Saved data entries:
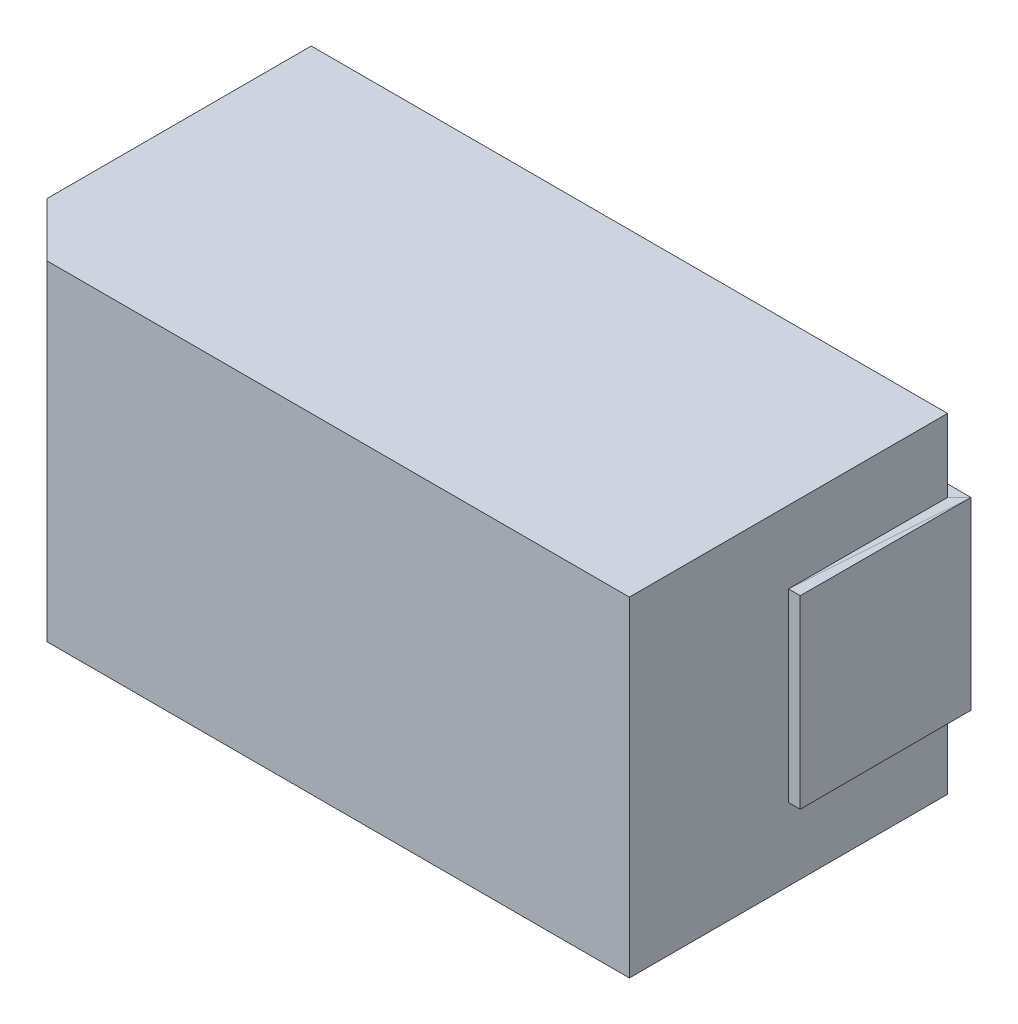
ISO-10303-21;
HEADER;
FILE_DESCRIPTION(('STEP AP214'),'2;1');
FILE_NAME('part.step','',(''),(''),'','','');
FILE_SCHEMA(('AUTOMOTIVE_DESIGN { 1 0 10303 214 1 1 1 1 }'));
ENDSEC;
DATA;
#1=APPLICATION_CONTEXT('core data for automotive mechanical design processes');
#2=APPLICATION_PROTOCOL_DEFINITION('international standard','automotive_design',2000,#1);
#3=PRODUCT_CONTEXT('',#1,'mechanical');
#4=PRODUCT('Part','Part','',(#3));
#5=PRODUCT_RELATED_PRODUCT_CATEGORY('part','',(#4));
#6=PRODUCT_DEFINITION_FORMATION('','',#4);
#7=PRODUCT_DEFINITION_CONTEXT('part definition',#1,'design');
#8=PRODUCT_DEFINITION('design','',#6,#7);
#9=PRODUCT_DEFINITION_SHAPE('','',#8);
#10=(LENGTH_UNIT() NAMED_UNIT(*) SI_UNIT(.MILLI.,.METRE.));
#11=(NAMED_UNIT(*) PLANE_ANGLE_UNIT() SI_UNIT($,.RADIAN.));
#12=(NAMED_UNIT(*) SI_UNIT($,.STERADIAN.) SOLID_ANGLE_UNIT());
#13=UNCERTAINTY_MEASURE_WITH_UNIT(LENGTH_MEASURE(1.E-05),#10,'distance_accuracy_value','');
#14=(GEOMETRIC_REPRESENTATION_CONTEXT(3) GLOBAL_UNCERTAINTY_ASSIGNED_CONTEXT((#13)) GLOBAL_UNIT_ASSIGNED_CONTEXT((#10,
#11,#12)) REPRESENTATION_CONTEXT('',''));
#15=CARTESIAN_POINT('',(0.,0.,0.));
#16=DIRECTION('',(0.,0.,1.));
#17=DIRECTION('',(1.,0.,0.));
#18=AXIS2_PLACEMENT_3D('',#15,#16,#17);
#19=CARTESIAN_POINT('',(-1.530000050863,-0.427379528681,0.0113731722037));
#20=DIRECTION('',(0.,0.,1.));
#21=DIRECTION('',(1.,0.,0.));
#22=AXIS2_PLACEMENT_3D('',#19,#20,#21);
#23=PLANE('',#22);
#24=DIRECTION('',(0.,1.,0.));
#25=VECTOR('',#24,1.);
#26=CARTESIAN_POINT('',(-0.491878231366,-0.427379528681,0.0113731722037));
#27=LINE('',#26,#25);
#28=CARTESIAN_POINT('',(-0.491878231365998,0.427380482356,0.0113731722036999));
#29=VERTEX_POINT('',#28);
#30=CARTESIAN_POINT('',(-0.491878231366,-0.427379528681,0.0113731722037));
#31=VERTEX_POINT('',#30);
#32=EDGE_CURVE('E163',#29,#31,#27,.F.);
#33=ORIENTED_EDGE('',*,*,#32,.T.);
#34=DIRECTION('',(1.,0.,0.));
#35=VECTOR('',#34,1.);
#36=CARTESIAN_POINT('',(-0.491878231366,-0.427379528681,0.0113731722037));
#37=LINE('',#36,#35);
#38=CARTESIAN_POINT('',(-1.530000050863,-0.42737952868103,0.0113731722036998));
#39=VERTEX_POINT('',#38);
#40=EDGE_CURVE('E142',#31,#39,#37,.F.);
#41=ORIENTED_EDGE('',*,*,#40,.T.);
#42=DIRECTION('',(0.,1.,0.));
#43=VECTOR('',#42,1.);
#44=CARTESIAN_POINT('',(-1.530000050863,-0.427379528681,0.0113731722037));
#45=LINE('',#44,#43);
#46=CARTESIAN_POINT('',(-1.530000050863,0.427380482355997,0.0113731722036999));
#47=VERTEX_POINT('',#46);
#48=EDGE_CURVE('E20',#47,#39,#45,.F.);
#49=ORIENTED_EDGE('',*,*,#48,.F.);
#50=DIRECTION('',(1.,0.,0.));
#51=VECTOR('',#50,1.);
#52=CARTESIAN_POINT('',(-1.475634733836,0.427380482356,0.0113731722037));
#53=LINE('',#52,#51);
#54=EDGE_CURVE('E139',#47,#29,#53,.T.);
#55=ORIENTED_EDGE('',*,*,#54,.T.);
#56=EDGE_LOOP('',(#33,#41,#49,#55));
#57=FACE_BOUND('',#56,.T.);
#58=ADVANCED_FACE('F17',(#57),#23,.F.);
#59=CARTESIAN_POINT('',(-1.530000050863,-0.427379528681,0.0113731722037));
#60=DIRECTION('',(1.,0.,0.));
#61=DIRECTION('',(0.,0.,-1.));
#62=AXIS2_PLACEMENT_3D('',#59,#60,#61);
#63=PLANE('',#62);
#64=DIRECTION('',(0.,1.,0.));
#65=VECTOR('',#64,1.);
#66=CARTESIAN_POINT('',(-1.530000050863,-0.428848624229,0.803555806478));
#67=LINE('',#66,#65);
#68=CARTESIAN_POINT('',(-1.530000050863,-0.428848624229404,0.803555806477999));
#69=VERTEX_POINT('',#68);
#70=CARTESIAN_POINT('',(-1.530000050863,0.428842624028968,0.803555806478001));
#71=VERTEX_POINT('',#70);
#72=EDGE_CURVE('E151',#69,#71,#67,.T.);
#73=ORIENTED_EDGE('',*,*,#72,.T.);
#74=DIRECTION('',(0.,-0.00184570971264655,-0.999998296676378));
#75=VECTOR('',#74,1.);
#76=CARTESIAN_POINT('',(-1.530000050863,0.428102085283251,0.402334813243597));
#77=LINE('',#76,#75);
#78=EDGE_CURVE('E148',#71,#47,#77,.T.);
#79=ORIENTED_EDGE('',*,*,#78,.T.);
#80=ORIENTED_EDGE('',*,*,#48,.T.);
#81=DIRECTION('',(0.,0.00185448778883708,-0.999998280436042));
#82=VECTOR('',#81,1.);
#83=CARTESIAN_POINT('',(-1.530000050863,-0.428138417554,0.420589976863));
#84=LINE('',#83,#82);
#85=EDGE_CURVE('E146',#69,#39,#84,.T.);
#86=ORIENTED_EDGE('',*,*,#85,.F.);
#87=EDGE_LOOP('',(#73,#79,#80,#86));
#88=FACE_BOUND('',#87,.T.);
#89=ADVANCED_FACE('F149',(#88),#63,.F.);
#90=CARTESIAN_POINT('',(-1.515942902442,-0.428138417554,0.420589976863));
#91=DIRECTION('',(0.,-0.999998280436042,-0.00185448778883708));
#92=DIRECTION('',(0.,0.00185448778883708,-0.999998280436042));
#93=AXIS2_PLACEMENT_3D('',#90,#91,#92);
#94=PLANE('',#93);
#95=ORIENTED_EDGE('',*,*,#85,.T.);
#96=DIRECTION('',(0.0684660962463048,-0.00185013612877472,0.997651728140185));
#97=VECTOR('',#96,1.);
#98=CARTESIAN_POINT('',(-1.530000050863,-0.427379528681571,0.0113731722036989));
#99=LINE('',#98,#97);
#100=CARTESIAN_POINT('',(-1.475634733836,-0.428848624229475,0.803555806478));
#101=VERTEX_POINT('',#100);
#102=EDGE_CURVE('E175',#39,#101,#99,.T.);
#103=ORIENTED_EDGE('',*,*,#102,.T.);
#104=DIRECTION('',(-1.,0.,0.));
#105=VECTOR('',#104,1.);
#106=CARTESIAN_POINT('',(-1.475634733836,-0.428848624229,0.803555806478));
#107=LINE('',#106,#105);
#108=EDGE_CURVE('E177',#101,#69,#107,.T.);
#109=ORIENTED_EDGE('',*,*,#108,.T.);
#110=EDGE_LOOP('',(#95,#103,#109));
#111=FACE_BOUND('',#110,.T.);
#112=ADVANCED_FACE('F174',(#111),#94,.T.);
#113=CARTESIAN_POINT('',(-1.516201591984,0.428076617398,0.40233486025));
#114=DIRECTION('',(-0.00184570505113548,-0.99999659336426,0.00184570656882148));
#115=DIRECTION('',(0.,-0.00184570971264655,-0.999998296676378));
#116=AXIS2_PLACEMENT_3D('',#113,#114,#115);
#117=PLANE('',#116);
#118=ORIENTED_EDGE('',*,*,#78,.F.);
#119=DIRECTION('',(0.0734846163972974,-0.00197635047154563,-0.997294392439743));
#120=VECTOR('',#119,1.);
#121=CARTESIAN_POINT('',(-1.530000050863,0.428842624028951,0.803555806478));
#122=LINE('',#121,#120);
#123=CARTESIAN_POINT('',(-1.475634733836,0.427380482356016,0.0657384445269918));
#124=VERTEX_POINT('',#123);
#125=EDGE_CURVE('E166',#71,#124,#122,.T.);
#126=ORIENTED_EDGE('',*,*,#125,.T.);
#127=DIRECTION('',(-0.707107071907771,0.,-0.707106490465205));
#128=VECTOR('',#127,1.);
#129=CARTESIAN_POINT('',(-1.475634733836,0.427380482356,0.06573844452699));
#130=LINE('',#129,#128);
#131=EDGE_CURVE('E157',#124,#47,#130,.T.);
#132=ORIENTED_EDGE('',*,*,#131,.T.);
#133=EDGE_LOOP('',(#118,#126,#132));
#134=FACE_BOUND('',#133,.T.);
#135=ADVANCED_FACE('F165',(#134),#117,.F.);
#136=CARTESIAN_POINT('',(1.530000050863,0.427379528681,0.0113731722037));
#137=DIRECTION('',(0.,0.,1.));
#138=DIRECTION('',(1.,0.,0.));
#139=AXIS2_PLACEMENT_3D('',#136,#137,#138);
#140=PLANE('',#139);
#141=DIRECTION('',(1.,0.,0.));
#142=VECTOR('',#141,1.);
#143=CARTESIAN_POINT('',(1.475634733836,-0.427380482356,0.0113731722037));
#144=LINE('',#143,#142);
#145=CARTESIAN_POINT('',(1.530000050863,-0.42738048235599,0.0113731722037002));
#146=VERTEX_POINT('',#145);
#147=CARTESIAN_POINT('',(0.491878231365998,-0.427380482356,0.0113731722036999));
#148=VERTEX_POINT('',#147);
#149=EDGE_CURVE('E271',#146,#148,#144,.F.);
#150=ORIENTED_EDGE('',*,*,#149,.T.);
#151=DIRECTION('',(0.,1.,0.));
#152=VECTOR('',#151,1.);
#153=CARTESIAN_POINT('',(0.491878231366,0.427379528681,0.0113731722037));
#154=LINE('',#153,#152);
#155=CARTESIAN_POINT('',(0.491878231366,0.427379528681,0.0113731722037));
#156=VERTEX_POINT('',#155);
#157=EDGE_CURVE('E198',#148,#156,#154,.T.);
#158=ORIENTED_EDGE('',*,*,#157,.T.);
#159=DIRECTION('',(1.,0.,0.));
#160=VECTOR('',#159,1.);
#161=CARTESIAN_POINT('',(0.491878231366,0.427379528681,0.0113731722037));
#162=LINE('',#161,#160);
#163=CARTESIAN_POINT('',(1.53000005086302,0.427379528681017,0.0113731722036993));
#164=VERTEX_POINT('',#163);
#165=EDGE_CURVE('E131',#156,#164,#162,.T.);
#166=ORIENTED_EDGE('',*,*,#165,.T.);
#167=DIRECTION('',(0.,1.,0.));
#168=VECTOR('',#167,1.);
#169=CARTESIAN_POINT('',(1.530000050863,0.427379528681,0.0113731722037));
#170=LINE('',#169,#168);
#171=EDGE_CURVE('E186',#164,#146,#170,.F.);
#172=ORIENTED_EDGE('',*,*,#171,.T.);
#173=EDGE_LOOP('',(#150,#158,#166,#172));
#174=FACE_BOUND('',#173,.T.);
#175=ADVANCED_FACE('F276',(#174),#140,.F.);
#176=CARTESIAN_POINT('',(-1.490350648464,-0.428078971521,0.402300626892));
#177=DIRECTION('',(-0.0019911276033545,0.999996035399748,0.0019911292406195));
#178=DIRECTION('',(0.,-0.00199113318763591,0.99999801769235));
#179=AXIS2_PLACEMENT_3D('',#176,#177,#178);
#180=PLANE('',#179);
#181=ORIENTED_EDGE('',*,*,#102,.F.);
#182=DIRECTION('',(0.707107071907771,0.,0.707106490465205));
#183=VECTOR('',#182,1.);
#184=CARTESIAN_POINT('',(-1.530000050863,-0.427379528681,0.0113731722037));
#185=LINE('',#184,#183);
#186=CARTESIAN_POINT('',(-1.475634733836,-0.427379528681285,0.0657384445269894));
#187=VERTEX_POINT('',#186);
#188=EDGE_CURVE('E182',#39,#187,#185,.T.);
#189=ORIENTED_EDGE('',*,*,#188,.T.);
#190=DIRECTION('',(0.,-0.00199113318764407,0.99999801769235));
#191=VECTOR('',#190,1.);
#192=CARTESIAN_POINT('',(-1.475634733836,-0.427379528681,0.06573844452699));
#193=LINE('',#192,#191);
#194=EDGE_CURVE('E184',#187,#101,#193,.T.);
#195=ORIENTED_EDGE('',*,*,#194,.T.);
#196=EDGE_LOOP('',(#181,#189,#195));
#197=FACE_BOUND('',#196,.T.);
#198=ADVANCED_FACE('F181',(#197),#180,.F.);
#199=CARTESIAN_POINT('',(-1.489726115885,0.428137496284,0.447738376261));
#200=DIRECTION('',(0.,-0.999998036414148,0.00198170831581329));
#201=DIRECTION('',(0.,-0.00198170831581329,-0.999998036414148));
#202=AXIS2_PLACEMENT_3D('',#199,#200,#201);
#203=PLANE('',#202);
#204=DIRECTION('',(-1.,0.,0.));
#205=VECTOR('',#204,1.);
#206=CARTESIAN_POINT('',(-1.475634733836,0.428842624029,0.803555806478));
#207=LINE('',#206,#205);
#208=CARTESIAN_POINT('',(-1.475634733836,0.428842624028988,0.803555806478));
#209=VERTEX_POINT('',#208);
#210=EDGE_CURVE('E261',#71,#209,#207,.F.);
#211=ORIENTED_EDGE('',*,*,#210,.T.);
#212=DIRECTION('',(0.,-0.00198170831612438,-0.999998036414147));
#213=VECTOR('',#212,1.);
#214=CARTESIAN_POINT('',(-1.475634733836,0.428842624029,0.803555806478));
#215=LINE('',#214,#213);
#216=EDGE_CURVE('E254',#209,#124,#215,.T.);
#217=ORIENTED_EDGE('',*,*,#216,.T.);
#218=ORIENTED_EDGE('',*,*,#125,.F.);
#219=EDGE_LOOP('',(#211,#217,#218));
#220=FACE_BOUND('',#219,.T.);
#221=ADVANCED_FACE('F329',(#220),#203,.F.);
#222=CARTESIAN_POINT('',(-1.475634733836,0.427380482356,0.06573844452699));
#223=DIRECTION('',(0.,-1.,0.));
#224=DIRECTION('',(0.,0.,-1.));
#225=AXIS2_PLACEMENT_3D('',#222,#223,#224);
#226=PLANE('',#225);
#227=DIRECTION('',(0.,0.,1.));
#228=VECTOR('',#227,1.);
#229=CARTESIAN_POINT('',(-0.491878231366,0.427380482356,0.06573844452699));
#230=LINE('',#229,#228);
#231=CARTESIAN_POINT('',(-0.491878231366,0.427380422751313,0.06573844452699));
#232=VERTEX_POINT('',#231);
#233=EDGE_CURVE('E162',#232,#29,#230,.F.);
#234=ORIENTED_EDGE('',*,*,#233,.T.);
#235=ORIENTED_EDGE('',*,*,#54,.F.);
#236=ORIENTED_EDGE('',*,*,#131,.F.);
#237=DIRECTION('',(1.,0.,0.));
#238=VECTOR('',#237,1.);
#239=CARTESIAN_POINT('',(-0.491878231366,0.427380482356,0.06573844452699));
#240=LINE('',#239,#238);
#241=EDGE_CURVE('E213',#124,#232,#240,.T.);
#242=ORIENTED_EDGE('',*,*,#241,.T.);
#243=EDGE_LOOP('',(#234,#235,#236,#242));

WHAT THE TASK ASKS: Retyping should start at the first line of the data above and stop after the line with "#15=CARTESIAN_POINT('',(0.,0.,0.));", and no picture should be included.

ANSWER FOR THIS EXERCISE:
ISO-10303-21;
HEADER;
FILE_DESCRIPTION(('STEP AP214'),'2;1');
FILE_NAME('part.step','',(''),(''),'','','');
FILE_SCHEMA(('AUTOMOTIVE_DESIGN { 1 0 10303 214 1 1 1 1 }'));
ENDSEC;
DATA;
#1=APPLICATION_CONTEXT('core data for automotive mechanical design processes');
#2=APPLICATION_PROTOCOL_DEFINITION('international standard','automotive_design',2000,#1);
#3=PRODUCT_CONTEXT('',#1,'mechanical');
#4=PRODUCT('Part','Part','',(#3));
#5=PRODUCT_RELATED_PRODUCT_CATEGORY('part','',(#4));
#6=PRODUCT_DEFINITION_FORMATION('','',#4);
#7=PRODUCT_DEFINITION_CONTEXT('part definition',#1,'design');
#8=PRODUCT_DEFINITION('design','',#6,#7);
#9=PRODUCT_DEFINITION_SHAPE('','',#8);
#10=(LENGTH_UNIT() NAMED_UNIT(*) SI_UNIT(.MILLI.,.METRE.));
#11=(NAMED_UNIT(*) PLANE_ANGLE_UNIT() SI_UNIT($,.RADIAN.));
#12=(NAMED_UNIT(*) SI_UNIT($,.STERADIAN.) SOLID_ANGLE_UNIT());
#13=UNCERTAINTY_MEASURE_WITH_UNIT(LENGTH_MEASURE(1.E-05),#10,'distance_accuracy_value','');
#14=(GEOMETRIC_REPRESENTATION_CONTEXT(3) GLOBAL_UNCERTAINTY_ASSIGNED_CONTEXT((#13)) GLOBAL_UNIT_ASSIGNED_CONTEXT((#10,
#11,#12)) REPRESENTATION_CONTEXT('',''));
#15=CARTESIAN_POINT('',(0.,0.,0.));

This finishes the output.